Red Onion Story
The Vedas dished it.Gandhi endorsed it.Sardar Patel joined the satyagraha movement for it. The pungent root vegetable has played an unexpectedly important role in history
The red onions are just prefect, fat, firm globes, glowing with magenta-red vigour, promising crisp sweet heat when you bite into their packed layers, a nose-clearing pungency that gives way to a satisfying savoury flavour — and that's even before you cook them.
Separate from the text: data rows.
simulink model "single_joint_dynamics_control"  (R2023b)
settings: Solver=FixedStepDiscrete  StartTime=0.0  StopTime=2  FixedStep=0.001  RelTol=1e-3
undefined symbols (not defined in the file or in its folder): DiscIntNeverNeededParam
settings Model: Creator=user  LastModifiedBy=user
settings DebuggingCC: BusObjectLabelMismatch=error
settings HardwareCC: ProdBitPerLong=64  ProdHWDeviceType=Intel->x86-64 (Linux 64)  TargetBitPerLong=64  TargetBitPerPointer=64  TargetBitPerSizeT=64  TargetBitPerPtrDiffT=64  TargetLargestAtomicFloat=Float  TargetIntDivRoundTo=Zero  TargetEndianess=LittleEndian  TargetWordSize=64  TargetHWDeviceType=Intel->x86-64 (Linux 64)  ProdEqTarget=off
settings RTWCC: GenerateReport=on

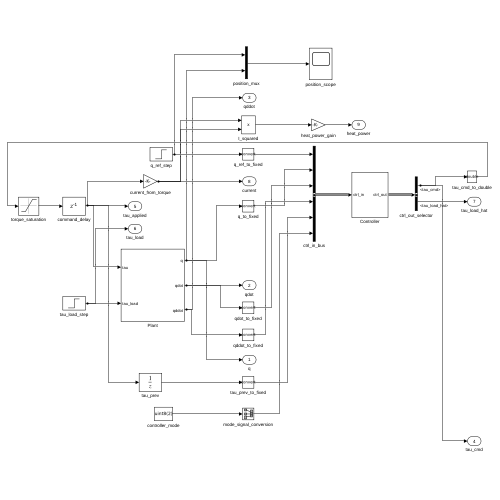
[thumbnail: Simulink's stored preview of the top-level diagram]
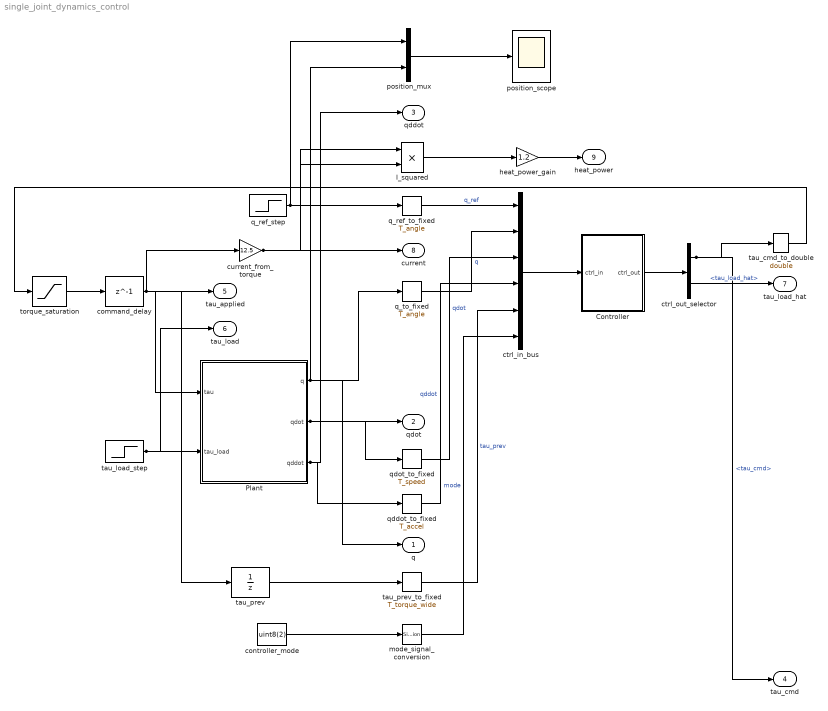
== system single_joint_dynamics_control ==
  Controller : Subsystem  RTWFcnName=usr_pid  RTWFileName=usr_pid
      settings: RTWFcnNameOpts=User specified  RTWFileNameOpts=User specified
  I_squared : Product
  Plant : Subsystem
  command_delay : Delay  DelayLength=1  InitialCondition=0  SampleTime=0.001
  controller_mode : Constant  Value=uint8(2)  OutDataTypeStr=uint8
  ctrl_in_bus : BusCreator  Inputs=6  OutDataTypeStr=Bus: ControllerInputBus
  ctrl_out_selector : BusSelector  OutputSignals=tau_cmd,tau_load_hat
  current_from_torque : Gain  Gain=12.5
  heat_power_gain : Gain  Gain=1.2
  mode_signal_conversion : SignalConversion  OverrideOpt=on
  position_mux : Mux  Inputs=2
  position_scope : Scope
  q_ref_step : Step  Time=0.1  SampleTime=0.001
  q_ref_to_fixed : DataTypeConversion  OutDataTypeStr=T_angle
  q_to_fixed : DataTypeConversion  OutDataTypeStr=T_angle
  qddot_to_fixed : DataTypeConversion  OutDataTypeStr=T_accel
  qdot_to_fixed : DataTypeConversion  OutDataTypeStr=T_speed
  tau_cmd_to_double : DataTypeConversion  OutDataTypeStr=double  SaturateOnIntegerOverflow=off  RndMeth=Floor
  tau_load_step : Step  Time=0.8  After=0.25  SampleTime=0.001
  tau_prev : UnitDelay  SampleTime=0.001  HasFrameUpgradeWarning=on
  tau_prev_to_fixed : DataTypeConversion  OutDataTypeStr=T_torque_wide
  torque_saturation : Saturate  UpperLimit=1.5  LowerLimit=-1.5
  q : Outport
  qdot : Outport  Port=2
  qddot : Outport  Port=3
  tau_cmd : Outport  Port=4
  tau_applied : Outport  Port=5
  tau_load : Outport  Port=6
  tau_load_hat : Outport  Port=7
  current : Outport  Port=8
  heat_power : Outport  Port=9
  wires:
  tau_cmd_to_double/1 -> torque_saturation/1
  ctrl_out_selector/1 -> tau_cmd/1, tau_cmd_to_double/1  "<tau_cmd>"
  Controller/1(ctrl_out) -> ctrl_out_selector/1
  ctrl_in_bus/1 -> Controller/1(ctrl_in)
  mode_signal_conversion/1 -> ctrl_in_bus/6  "mode"
  qdot_to_fixed/1 -> ctrl_in_bus/3  "qdot"
  torque_saturation/1 -> command_delay/1
  command_delay/1 -> tau_prev/1, current_from_torque/1, tau_applied/1, Plant/1(tau)
  qddot_to_fixed/1 -> ctrl_in_bus/4  "qddot"
  tau_prev/1 -> tau_prev_to_fixed/1
  ctrl_out_selector/2 -> tau_load_hat/1  "<tau_load_hat>"
  q_to_fixed/1 -> ctrl_in_bus/2  "q"
  q_ref_step/1 -> position_mux/1, q_ref_to_fixed/1
  heat_power_gain/1 -> heat_power/1
  current_from_torque/1 -> I_squared/1, current/1, I_squared/2
  Plant/1(q) -> q/1, position_mux/2, q_to_fixed/1
  Plant/2(qdot) -> qdot/1, qdot_to_fixed/1
  Plant/3(qddot) -> qddot/1, qddot_to_fixed/1
  tau_load_step/1 -> tau_load/1, Plant/2(tau_load)
  position_mux/1 -> position_scope/1
  tau_prev_to_fixed/1 -> ctrl_in_bus/5  "tau_prev"
  q_ref_to_fixed/1 -> ctrl_in_bus/1  "q_ref"
  controller_mode/1 -> mode_signal_conversion/1
  I_squared/1 -> heat_power_gain/1

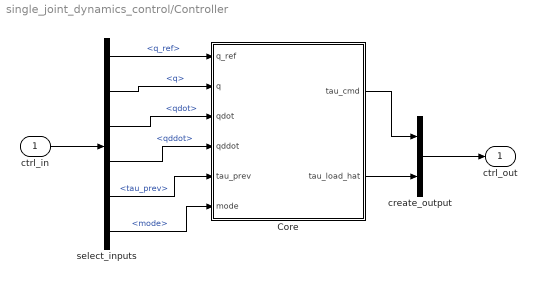
== system single_joint_dynamics_control/Controller ==
  ctrl_in : Inport  OutDataTypeStr=Bus: ControllerInputBus
  Core : MATLAB Function  TreatAsAtomicUnit=on
  create_output : BusCreator  Inputs=2  OutDataTypeStr=Bus: ControllerOutputBus
  select_inputs : BusSelector  OutputSignals=q_ref,q,qdot,qddot,tau_prev,mode
  ctrl_out : Outport  OutDataTypeStr=Bus: ControllerOutputBus
  wires:
  create_output/1 -> ctrl_out/1
  Core/1(tau_cmd) -> create_output/1
  select_inputs/5 -> Core/5(tau_prev)  "<tau_prev>"
  Core/2(tau_load_hat) -> create_output/2
  select_inputs/4 -> Core/4(qddot)  "<qddot>"
  select_inputs/3 -> Core/3(qdot)  "<qdot>"
  select_inputs/2 -> Core/2(q)  "<q>"
  select_inputs/1 -> Core/1(q_ref)  "<q_ref>"
  select_inputs/6 -> Core/6(mode)  "<mode>"
  ctrl_in/1 -> select_inputs/1

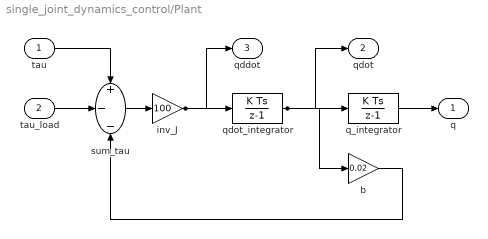
== system single_joint_dynamics_control/Plant ==
  tau : Inport
  tau_load : Inport  Port=2
  b : Gain  Gain=0.02
  inv_J : Gain  Gain=100
  q_integrator : DiscreteIntegrator  gainval=1  SampleTime=0.001  ICPrevOutput=DiscIntNeverNeededParam  ICPrevScaledInput=DiscIntNeverNeededParam
  qdot_integrator : DiscreteIntegrator  gainval=1  SampleTime=0.001  ICPrevOutput=DiscIntNeverNeededParam  ICPrevScaledInput=DiscIntNeverNeededParam
  sum_tau : Sum  Inputs=+--
  q : Outport
  qdot : Outport  Port=2
  qddot : Outport  Port=3
  wires:
  qdot_integrator/1 -> q_integrator/1, qdot/1, b/1
  b/1 -> sum_tau/3
  inv_J/1 -> qddot/1, qdot_integrator/1
  sum_tau/1 -> inv_J/1
  q_integrator/1 -> q/1
  tau_load/1 -> sum_tau/2
  tau/1 -> sum_tau/1

== matlab function single_joint_dynamics_control/Controller/Core ==
  data: q_ref input; tau_cmd output; q input; qdot input; qddot input; tau_prev input; mode input; tau_load_hat output
function [tau_cmd, tau_load_hat] = fcn(q_ref, q, qdot, qddot, tau_prev, mode)
%#codegen
persistent integral_e dob_hat
if isempty(integral_e)
    integral_e = fi(0, 1, 16, 13);
    dob_hat = fi(0, 1, 16, 13);
end
q_ref_f = fi(q_ref, 1, 16, 12);
q_f = fi(q, 1, 16, 12);
qdot_f = fi(qdot, 1, 16, 8);
qddot_f = fi(qddot, 1, 16, 4);
tau_prev_f = fi(tau_prev, 1, 16, 12);
Ts = fi(0.001, 1, 16, 15);
tau_limit = fi(1.5, 1, 16, 13);
integral_limit = fi(0.40000000000000002, 1, 16, 13);
tau_hat_limit = fi(0.80000000000000004, 1, 16, 13);
Kp_pid = fi(8, 1, 16, 10);
Ki_pid = fi(6, 1, 16, 10);
Kd_pid = fi(0.45000000000000001, 1, 16, 14);
Kp_dob = fi(8, 1, 16, 10);
Kd_dob = fi(0.45000000000000001, 1, 16, 14);
Jn_dob = fi(0.01, 1, 16, 15);
bn_dob = fi(0.02, 1, 16, 15);
alpha_dob = fi(0.19741016454517191, 1, 16, 14);
K_imp = fi(4, 1, 16, 10);
D_imp = fi(0.38, 1, 16, 14);
e = fi(q_ref_f - q_f, 1, 16, 12);
tau_cmd = fi(0, 1, 16, 13);
tau_load_hat = fi(0, 1, 16, 13);
if mode < uint8(2)
    integral_e = fi(integral_e + Ts*e, 1, 16, 13);
    if integral_e > integral_limit
        integral_e = integral_limit;
    elseif integral_e < -integral_limit
        integral_e = -integral_limit;
    end
    tau_cmd = fi(Kp_pid*e + Ki_pid*integral_e - Kd_pid*qdot_f, 1, 16, 13);
elseif mode < uint8(3)
    raw_load = fi(tau_prev_f - Jn_dob*qddot_f - bn_dob*qdot_f, 1, 16, 13);
    dob_hat = fi(dob_hat + alpha_dob*(raw_load - dob_hat), 1, 16, 13);
    if dob_hat > tau_hat_limit
        dob_hat = tau_hat_limit;
    elseif dob_hat < -tau_hat_limit
        dob_hat = -tau_hat_limit;
    end
    tau_load_hat = dob_hat;
    tau_cmd = fi(Kp_dob*e - Kd_dob*qdot_f + tau_load_hat, 1, 16, 13);
else
    tau_cmd = fi(K_imp*e - D_imp*qdot_f, 1, 16, 13);
end
if tau_cmd > tau_limit
    tau_cmd = tau_limit;
elseif tau_cmd < -tau_limit
    tau_cmd = -tau_limit;
end
end
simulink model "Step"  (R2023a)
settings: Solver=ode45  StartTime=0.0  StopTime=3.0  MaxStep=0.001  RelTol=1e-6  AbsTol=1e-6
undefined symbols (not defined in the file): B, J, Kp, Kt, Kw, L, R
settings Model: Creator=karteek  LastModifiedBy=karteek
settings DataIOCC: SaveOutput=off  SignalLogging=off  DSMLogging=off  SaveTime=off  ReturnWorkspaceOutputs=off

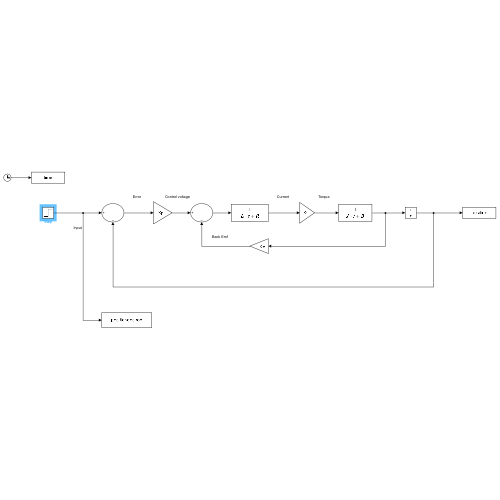
[thumbnail: Simulink's stored preview of the top-level diagram]
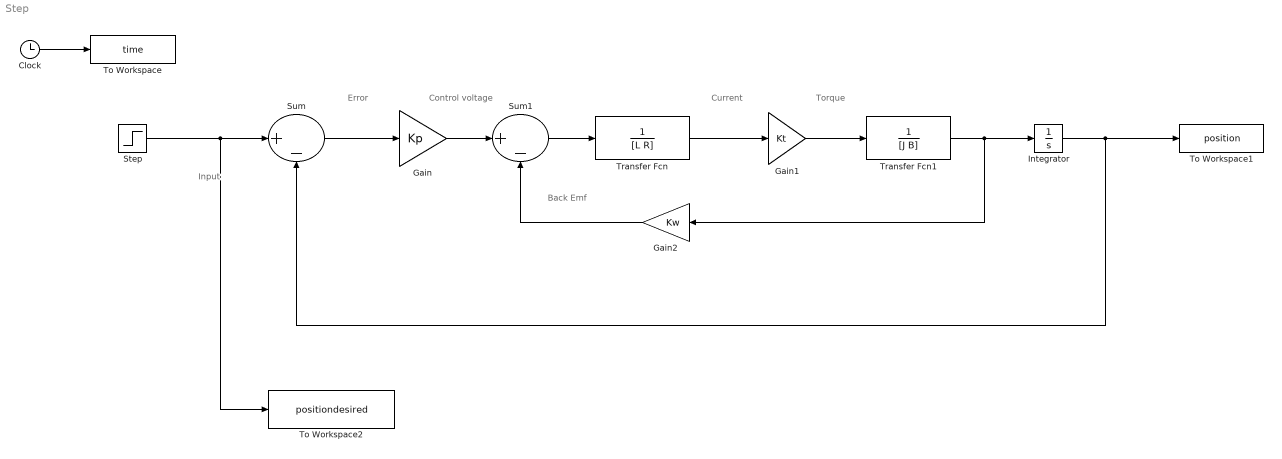
== system Step ==
  note: Torque
  note: Current
  note: Back Emf
  note: Control voltage
  note: Error
  note: Input
  Clock : Clock
  Gain : Gain  Gain=Kp
  Gain1 : Gain  Gain=Kt
  Gain2 : Gain  Gain=Kw
  Integrator : Integrator
  Step : Step  After=pi/2  SampleTime=0
  Sum : Sum  Inputs=|+-
  Sum1 : Sum  Inputs=|+-
  To Workspace : ToWorkspace  VariableName=time  SampleTime=-1
  To Workspace1 : ToWorkspace  VariableName=position  SampleTime=-1
  To Workspace2 : ToWorkspace  VariableName=positiondesired  SampleTime=-1
  Transfer Fcn : TransferFcn  Denominator=[L R]
  Transfer Fcn1 : TransferFcn  Denominator=[J B]
  wires:
  Sum/1 -> Gain/1
  Gain/1 -> Sum1/1
  Sum1/1 -> Transfer Fcn/1
  Transfer Fcn/1 -> Gain1/1
  Gain1/1 -> Transfer Fcn1/1
  Gain2/1 -> Sum1/2
  Transfer Fcn1/1 -> Gain2/1, Integrator/1
  Clock/1 -> To Workspace/1
  Step/1 -> Sum/1, To Workspace2/1
  Integrator/1 -> Sum/2, To Workspace1/1

In restaurants I can never resist snacking on them when they are put on the table (but not the ones soaked in vinegar, which destroys their taste; salty chaat masala, on the other hand, greatly enhances them).
Pablo Neruda wrote an ode to them: "luminous flask/ your beauty formed/ petal by petal/ crystal scales expanded you/ and in the secrecy of the dark earth/ your belly grew round with dew…You make us cry without hurting us/ I have praised everything that exists/ but to me, onion, you are/ more beautiful than a bird/ of dazzling feathers/ heavenly globe." Neruda, I assume, was writing about the onions of his native Chile, but I wonder how much more he could have written if he had known our red onions.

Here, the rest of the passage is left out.